■ Task goal: Scan the records for the string "removed", then copy each line that has it.

■ Data for analysis:

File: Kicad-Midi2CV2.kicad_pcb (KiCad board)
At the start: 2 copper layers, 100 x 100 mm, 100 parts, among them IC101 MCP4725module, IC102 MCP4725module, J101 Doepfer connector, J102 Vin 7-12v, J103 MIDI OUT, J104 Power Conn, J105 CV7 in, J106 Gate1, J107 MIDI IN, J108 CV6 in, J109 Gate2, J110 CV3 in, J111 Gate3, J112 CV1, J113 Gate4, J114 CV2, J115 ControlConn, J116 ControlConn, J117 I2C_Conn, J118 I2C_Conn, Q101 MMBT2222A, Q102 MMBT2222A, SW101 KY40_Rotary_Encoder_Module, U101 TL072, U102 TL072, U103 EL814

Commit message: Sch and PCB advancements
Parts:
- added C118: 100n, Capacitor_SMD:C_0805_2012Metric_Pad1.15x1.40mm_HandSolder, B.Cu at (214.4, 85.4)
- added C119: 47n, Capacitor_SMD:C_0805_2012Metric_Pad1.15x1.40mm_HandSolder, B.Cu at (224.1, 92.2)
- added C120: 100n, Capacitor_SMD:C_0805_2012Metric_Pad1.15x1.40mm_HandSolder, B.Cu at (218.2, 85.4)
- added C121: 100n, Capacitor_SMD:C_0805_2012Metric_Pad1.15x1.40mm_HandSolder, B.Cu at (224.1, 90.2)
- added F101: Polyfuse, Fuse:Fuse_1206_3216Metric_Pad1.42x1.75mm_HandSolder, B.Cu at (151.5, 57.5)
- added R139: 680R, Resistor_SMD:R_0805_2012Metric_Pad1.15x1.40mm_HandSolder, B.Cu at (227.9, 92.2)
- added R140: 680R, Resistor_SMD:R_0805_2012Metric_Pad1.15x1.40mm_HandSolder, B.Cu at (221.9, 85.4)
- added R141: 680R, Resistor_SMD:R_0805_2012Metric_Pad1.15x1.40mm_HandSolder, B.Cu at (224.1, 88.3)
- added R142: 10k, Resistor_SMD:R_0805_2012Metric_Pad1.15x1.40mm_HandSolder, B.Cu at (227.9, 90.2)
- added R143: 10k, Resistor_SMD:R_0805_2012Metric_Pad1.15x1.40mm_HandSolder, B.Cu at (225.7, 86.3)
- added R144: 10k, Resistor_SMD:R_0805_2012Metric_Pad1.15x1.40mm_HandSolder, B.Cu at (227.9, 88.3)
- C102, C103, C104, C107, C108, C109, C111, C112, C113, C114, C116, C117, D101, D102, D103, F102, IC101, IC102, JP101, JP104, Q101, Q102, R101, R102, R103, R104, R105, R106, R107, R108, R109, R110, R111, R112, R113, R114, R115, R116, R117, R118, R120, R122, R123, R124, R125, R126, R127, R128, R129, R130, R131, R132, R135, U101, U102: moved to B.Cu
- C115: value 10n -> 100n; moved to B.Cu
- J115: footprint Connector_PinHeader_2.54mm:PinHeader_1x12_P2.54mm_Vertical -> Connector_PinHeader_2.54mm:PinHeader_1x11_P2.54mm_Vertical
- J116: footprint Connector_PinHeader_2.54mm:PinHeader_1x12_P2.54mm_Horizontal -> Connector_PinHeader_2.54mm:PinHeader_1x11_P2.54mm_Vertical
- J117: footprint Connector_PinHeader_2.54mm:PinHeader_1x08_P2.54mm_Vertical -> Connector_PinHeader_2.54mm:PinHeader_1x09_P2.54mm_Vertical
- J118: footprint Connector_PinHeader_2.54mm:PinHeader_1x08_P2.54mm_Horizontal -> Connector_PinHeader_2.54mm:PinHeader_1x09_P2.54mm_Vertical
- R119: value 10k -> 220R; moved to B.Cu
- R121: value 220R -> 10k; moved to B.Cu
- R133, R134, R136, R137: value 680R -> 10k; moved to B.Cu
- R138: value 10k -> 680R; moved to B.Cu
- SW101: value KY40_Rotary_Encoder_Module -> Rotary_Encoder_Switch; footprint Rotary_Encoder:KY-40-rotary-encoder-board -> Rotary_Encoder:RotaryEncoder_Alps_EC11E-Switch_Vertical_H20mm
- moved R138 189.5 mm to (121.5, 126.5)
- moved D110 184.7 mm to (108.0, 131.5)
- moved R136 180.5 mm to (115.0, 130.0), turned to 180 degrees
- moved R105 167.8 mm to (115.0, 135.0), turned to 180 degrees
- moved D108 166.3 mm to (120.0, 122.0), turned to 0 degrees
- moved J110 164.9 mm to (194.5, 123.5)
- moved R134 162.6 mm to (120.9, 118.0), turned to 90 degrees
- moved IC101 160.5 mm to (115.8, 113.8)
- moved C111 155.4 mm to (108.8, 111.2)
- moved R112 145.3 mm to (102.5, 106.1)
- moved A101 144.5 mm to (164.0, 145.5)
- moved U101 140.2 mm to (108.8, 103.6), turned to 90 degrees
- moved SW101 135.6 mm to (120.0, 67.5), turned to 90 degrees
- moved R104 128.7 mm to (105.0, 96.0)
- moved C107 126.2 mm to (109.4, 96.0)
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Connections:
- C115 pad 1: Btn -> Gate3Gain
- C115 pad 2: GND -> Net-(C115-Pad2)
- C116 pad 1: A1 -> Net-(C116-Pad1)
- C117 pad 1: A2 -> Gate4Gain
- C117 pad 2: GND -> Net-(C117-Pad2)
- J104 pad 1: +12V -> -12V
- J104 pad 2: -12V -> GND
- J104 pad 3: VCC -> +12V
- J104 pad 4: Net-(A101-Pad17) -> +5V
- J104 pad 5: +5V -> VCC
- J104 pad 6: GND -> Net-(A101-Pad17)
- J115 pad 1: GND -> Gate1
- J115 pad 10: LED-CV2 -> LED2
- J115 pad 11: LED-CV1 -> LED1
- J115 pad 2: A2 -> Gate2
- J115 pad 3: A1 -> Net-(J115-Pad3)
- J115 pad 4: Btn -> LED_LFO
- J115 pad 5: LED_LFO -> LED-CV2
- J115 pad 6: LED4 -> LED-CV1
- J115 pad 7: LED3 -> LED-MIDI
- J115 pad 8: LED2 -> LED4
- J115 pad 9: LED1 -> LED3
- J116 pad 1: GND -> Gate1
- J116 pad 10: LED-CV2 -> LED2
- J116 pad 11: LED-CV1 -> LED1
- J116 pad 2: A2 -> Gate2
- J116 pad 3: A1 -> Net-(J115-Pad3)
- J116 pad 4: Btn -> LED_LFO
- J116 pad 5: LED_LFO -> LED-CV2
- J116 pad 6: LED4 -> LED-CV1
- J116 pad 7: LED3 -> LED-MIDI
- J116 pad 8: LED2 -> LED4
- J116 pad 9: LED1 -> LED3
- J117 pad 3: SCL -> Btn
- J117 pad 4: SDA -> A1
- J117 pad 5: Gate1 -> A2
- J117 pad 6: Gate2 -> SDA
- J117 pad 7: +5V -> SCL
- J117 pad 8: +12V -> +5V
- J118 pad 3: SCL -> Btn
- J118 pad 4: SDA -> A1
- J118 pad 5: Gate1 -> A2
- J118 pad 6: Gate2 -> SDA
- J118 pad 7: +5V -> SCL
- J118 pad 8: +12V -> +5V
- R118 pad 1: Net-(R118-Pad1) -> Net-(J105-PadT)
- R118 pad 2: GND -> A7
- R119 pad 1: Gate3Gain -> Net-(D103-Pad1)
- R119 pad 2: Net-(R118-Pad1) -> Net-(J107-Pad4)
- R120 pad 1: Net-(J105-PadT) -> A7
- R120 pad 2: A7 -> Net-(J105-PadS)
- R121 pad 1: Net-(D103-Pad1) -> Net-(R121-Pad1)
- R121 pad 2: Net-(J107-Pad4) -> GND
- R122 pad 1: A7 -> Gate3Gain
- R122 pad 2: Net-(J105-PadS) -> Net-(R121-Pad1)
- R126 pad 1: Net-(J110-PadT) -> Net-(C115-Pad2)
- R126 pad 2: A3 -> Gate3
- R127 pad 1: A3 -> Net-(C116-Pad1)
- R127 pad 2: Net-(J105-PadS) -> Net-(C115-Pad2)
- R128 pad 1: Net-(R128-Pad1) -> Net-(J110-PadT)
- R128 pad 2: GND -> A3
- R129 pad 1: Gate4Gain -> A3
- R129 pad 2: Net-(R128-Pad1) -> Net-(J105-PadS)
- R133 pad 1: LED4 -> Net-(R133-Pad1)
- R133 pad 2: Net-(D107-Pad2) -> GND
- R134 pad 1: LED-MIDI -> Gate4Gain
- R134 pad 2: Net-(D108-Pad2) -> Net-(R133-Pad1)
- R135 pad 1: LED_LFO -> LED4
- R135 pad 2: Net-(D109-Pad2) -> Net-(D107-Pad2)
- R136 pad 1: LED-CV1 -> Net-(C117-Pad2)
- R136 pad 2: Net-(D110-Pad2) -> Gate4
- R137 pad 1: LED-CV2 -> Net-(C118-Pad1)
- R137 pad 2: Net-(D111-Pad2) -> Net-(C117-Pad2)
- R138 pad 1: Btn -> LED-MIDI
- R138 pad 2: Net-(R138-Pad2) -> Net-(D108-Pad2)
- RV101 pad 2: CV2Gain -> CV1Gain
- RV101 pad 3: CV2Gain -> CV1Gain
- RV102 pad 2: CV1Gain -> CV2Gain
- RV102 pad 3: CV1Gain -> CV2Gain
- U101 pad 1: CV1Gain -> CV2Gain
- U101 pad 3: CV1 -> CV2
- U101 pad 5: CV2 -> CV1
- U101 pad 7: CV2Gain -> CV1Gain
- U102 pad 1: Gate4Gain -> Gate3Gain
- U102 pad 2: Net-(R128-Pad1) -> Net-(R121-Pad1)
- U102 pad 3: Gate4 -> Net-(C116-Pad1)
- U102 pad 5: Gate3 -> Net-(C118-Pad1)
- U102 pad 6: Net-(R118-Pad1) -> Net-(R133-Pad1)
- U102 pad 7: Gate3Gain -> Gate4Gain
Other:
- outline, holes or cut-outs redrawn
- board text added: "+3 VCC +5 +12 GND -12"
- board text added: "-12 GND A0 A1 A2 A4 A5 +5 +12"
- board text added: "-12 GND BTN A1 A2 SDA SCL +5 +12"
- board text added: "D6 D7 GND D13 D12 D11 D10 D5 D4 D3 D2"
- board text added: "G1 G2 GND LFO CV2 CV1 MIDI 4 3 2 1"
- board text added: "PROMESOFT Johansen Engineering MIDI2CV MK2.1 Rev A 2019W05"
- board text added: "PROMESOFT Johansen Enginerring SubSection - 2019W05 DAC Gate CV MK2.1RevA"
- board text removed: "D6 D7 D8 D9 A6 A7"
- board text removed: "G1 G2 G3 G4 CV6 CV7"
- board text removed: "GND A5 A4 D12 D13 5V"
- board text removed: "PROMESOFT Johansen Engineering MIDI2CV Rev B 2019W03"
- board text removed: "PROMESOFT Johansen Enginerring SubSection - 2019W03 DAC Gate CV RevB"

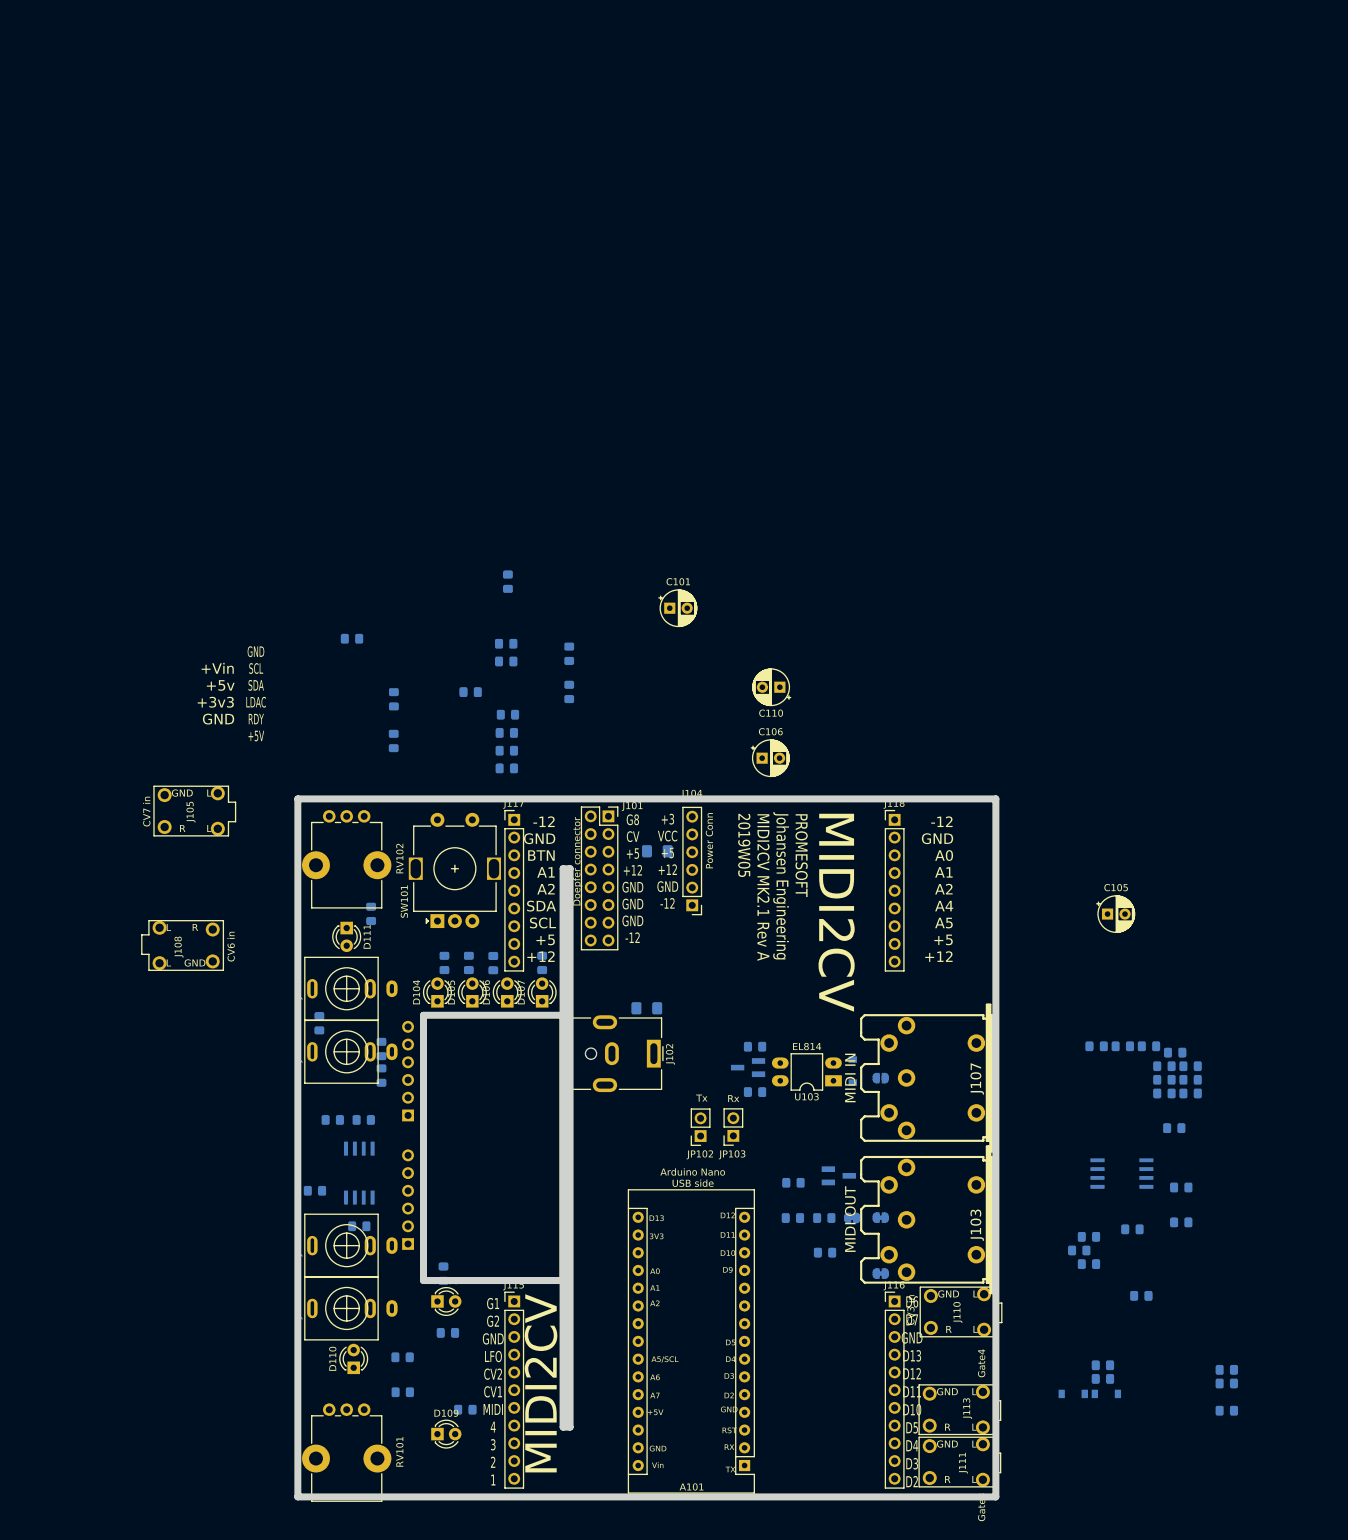
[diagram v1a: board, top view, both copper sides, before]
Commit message: RC output on CV
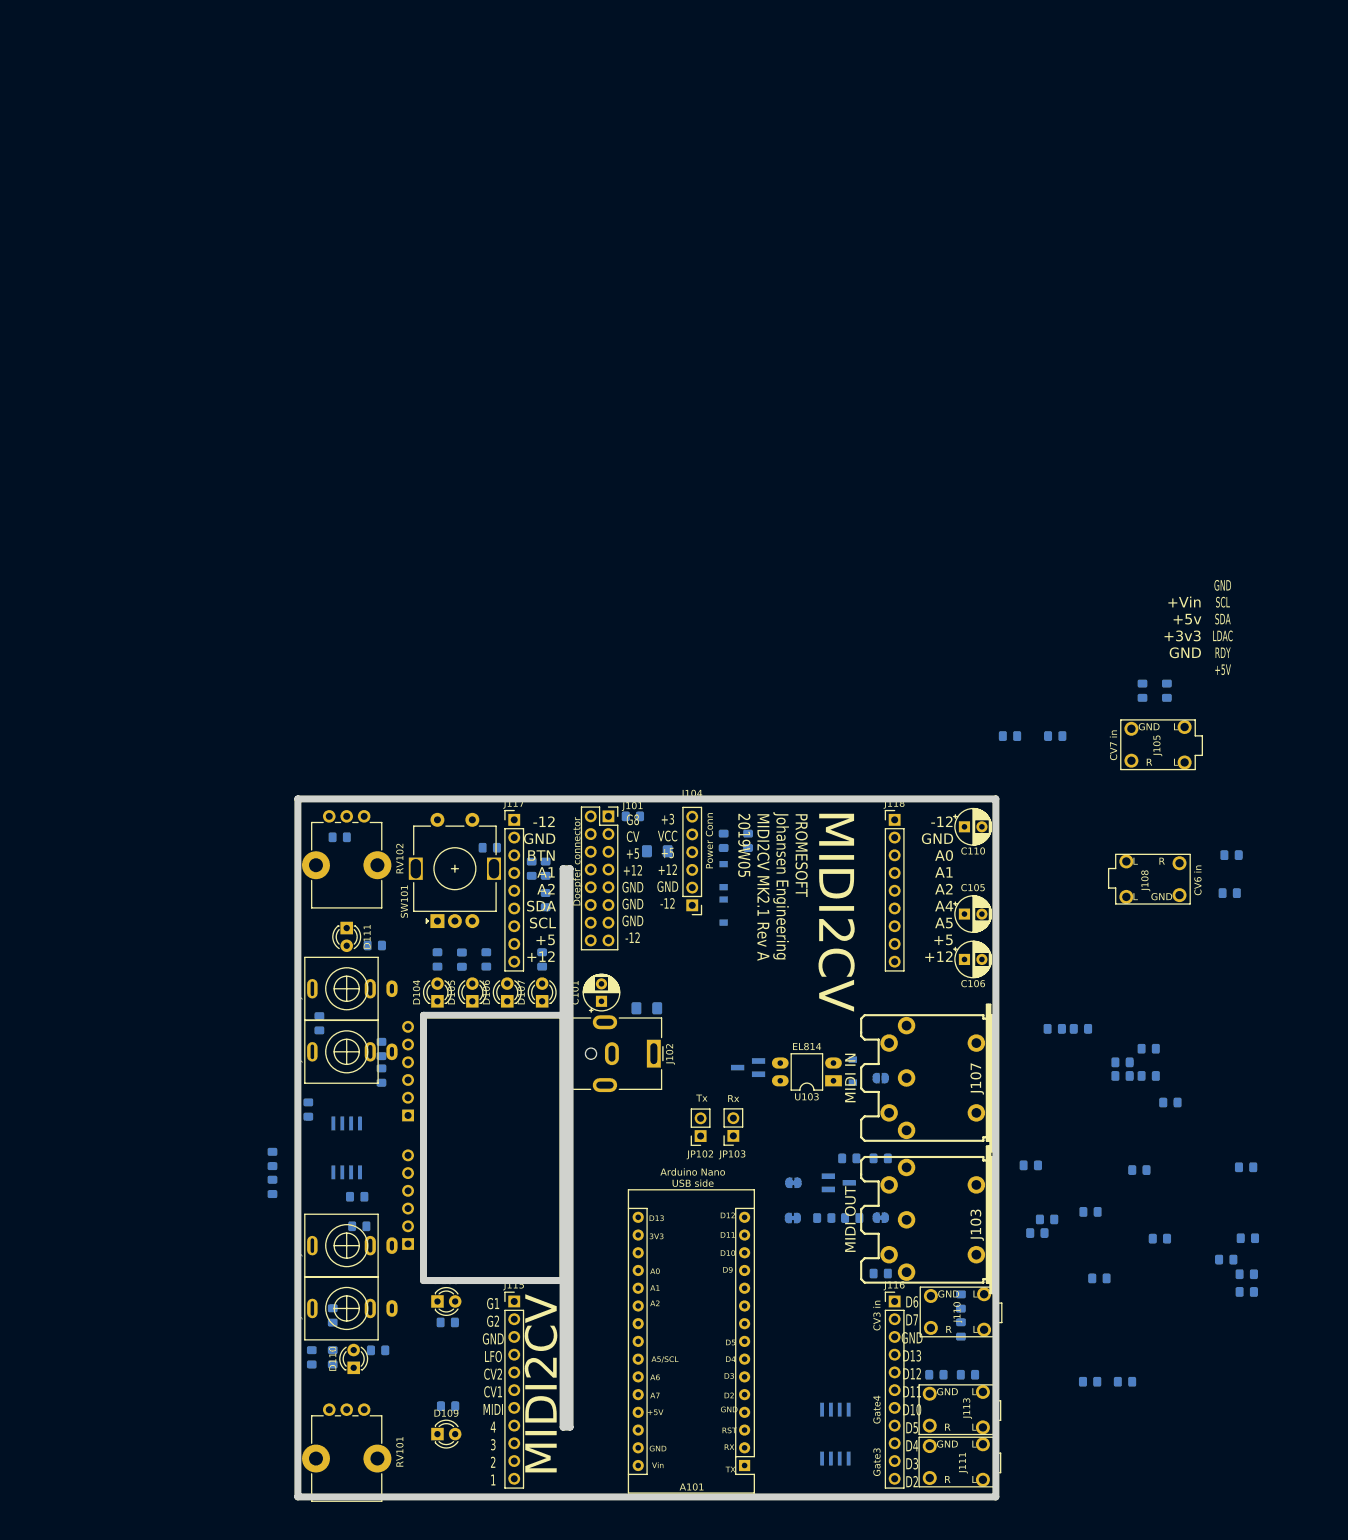
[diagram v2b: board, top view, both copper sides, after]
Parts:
- added C122: 100n, Capacitor_SMD:C_0805_2012Metric_Pad1.15x1.40mm_HandSolder, B.Cu at (133.5, 60.0)
- added C123: 100n, Capacitor_SMD:C_0805_2012Metric_Pad1.15x1.40mm_HandSolder, B.Cu at (135.5, 60.0)
- added R145: 10k, Resistor_SMD:R_0805_2012Metric_Pad1.15x1.40mm_HandSolder, B.Cu at (135.5, 64.5)
- added R146: 10k, Resistor_SMD:R_0805_2012Metric_Pad1.15x1.40mm_HandSolder, B.Cu at (127.5, 57.0)
- C114, C115, C121: value 100n -> 47n
- C119: value 47n -> 100n
- R108: value OPEN -> 100R
- R109: value 220R -> OPEN
- R110: value 0R -> 220R; footprint Jumper:SolderJumper-2_P1.3mm_Bridged_RoundedPad1.0x1.5mm -> Resistor_SMD:R_0805_2012Metric_Pad1.15x1.40mm_HandSolder
- R111: value OPEN -> 0R; footprint Resistor_SMD:R_0805_2012Metric_Pad1.15x1.40mm_HandSolder -> Jumper:SolderJumper-2_P1.3mm_Bridged_RoundedPad1.0x1.5mm
- R112: value 10k -> OPEN
- R114: value 0R -> 10k; footprint Jumper:SolderJumper-2_P1.3mm_Bridged_RoundedPad1.0x1.5mm -> Resistor_SMD:R_0805_2012Metric_Pad1.15x1.40mm_HandSolder
- R115: value 2k -> 0R; footprint Resistor_SMD:R_0805_2012Metric_Pad1.15x1.40mm_HandSolder -> Jumper:SolderJumper-2_P1.3mm_Bridged_RoundedPad1.0x1.5mm
- R116: value 680R -> 2k
- R117: value 1k -> 680R
- R118: value 10k -> 100R
- R119: value 220R -> 1k
- R121: value 10k -> 220R
- R124: value 1k -> 10k
- R126: value 10k -> 1k
- R130, R131, R135, R138, R139: value 680R -> 10k
- R133, R134, R137, R142, R143: value 10k -> 680R
- moved R118 149.2 mm to (106.0, 55.5)
- moved C112 140.4 mm to (96.4, 105.6), turned to 90 degrees
- moved J105 138.8 mm to (223.2, 42.2)
- moved J108 138.8 mm to (222.5, 61.5)
- moved C115 129.8 mm to (235.9, 120.6)
- moved C116 129.8 mm to (235.9, 118.1)
- moved R122 129.8 mm to (235.8, 102.8)
- moved R127 129.8 mm to (236.1, 112.9)
- moved R123 129.8 mm to (233.8, 58.1)
- moved C117 127.7 mm to (233.0, 116.0)
- moved R126 126.0 mm to (223.5, 113.0)
- moved R142 122.7 mm to (111.5, 129.0), turned to 180 degrees
- moved R143 115.7 mm to (111.0, 71.0)
- moved R141 113.6 mm to (121.5, 137.0)
- moved R102 110.8 mm to (224.5, 34.5)
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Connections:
- C114 pad 1: GND -> CV1Gain
- C114 pad 2: +5V -> GND
- C115 pad 1: Gate3Gain -> CV2Gain
- C115 pad 2: Net-(C115-Pad2) -> GND
- C116 pad 1: Net-(C116-Pad1) -> GND
- C116 pad 2: GND -> +5V
- C117 pad 1: Gate4Gain -> Gate3Gain
- C119 pad 1: Btn -> Gate4Gain
- C119 pad 2: GND -> Net-(C119-Pad2)
- C120 pad 1: A1 -> Net-(C120-Pad1)
- C121 pad 1: A2 -> Btn
- J105 pad S: Net-(J105-PadS) -> GND
- J106 pad S: GND -> Net-(J106-PadS)
- J108 pad S: Net-(J105-PadS) -> GND
- J109 pad S: GND -> Net-(J106-PadS)
- J110 pad S: Net-(J105-PadS) -> GND
- J111 pad S: GND -> Net-(J106-PadS)
- J112 pad S: Net-(J105-PadS) -> GND
- J113 pad S: GND -> Net-(J106-PadS)
- J114 pad S: Net-(J105-PadS) -> GND
- R108 pad 1: /MIDI-OUT-5 -> CV1Gain
- R108 pad 2: +5V -> Net-(R108-Pad2)
- R109 pad 1: /MIDI-OUT-4 -> /MIDI-OUT-5
- R110 pad 1: /Q1Coll -> /MIDI-OUT-4
- R111 pad 1: /Q1Emitter -> /Q1Coll
- R111 pad 2: /MIDI-OUT-4 -> +5V
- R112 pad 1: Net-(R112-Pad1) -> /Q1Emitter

■ Solution below:
- board text removed: "D6 D7 D8 D9 A6 A7"
- board text removed: "G1 G2 G3 G4 CV6 CV7"
- board text removed: "GND A5 A4 D12 D13 5V"
- board text removed: "PROMESOFT Johansen Engineering MIDI2CV Rev B 2019W03"
- board text removed: "PROMESOFT Johansen Enginerring SubSection - 2019W03 DAC Gate CV RevB"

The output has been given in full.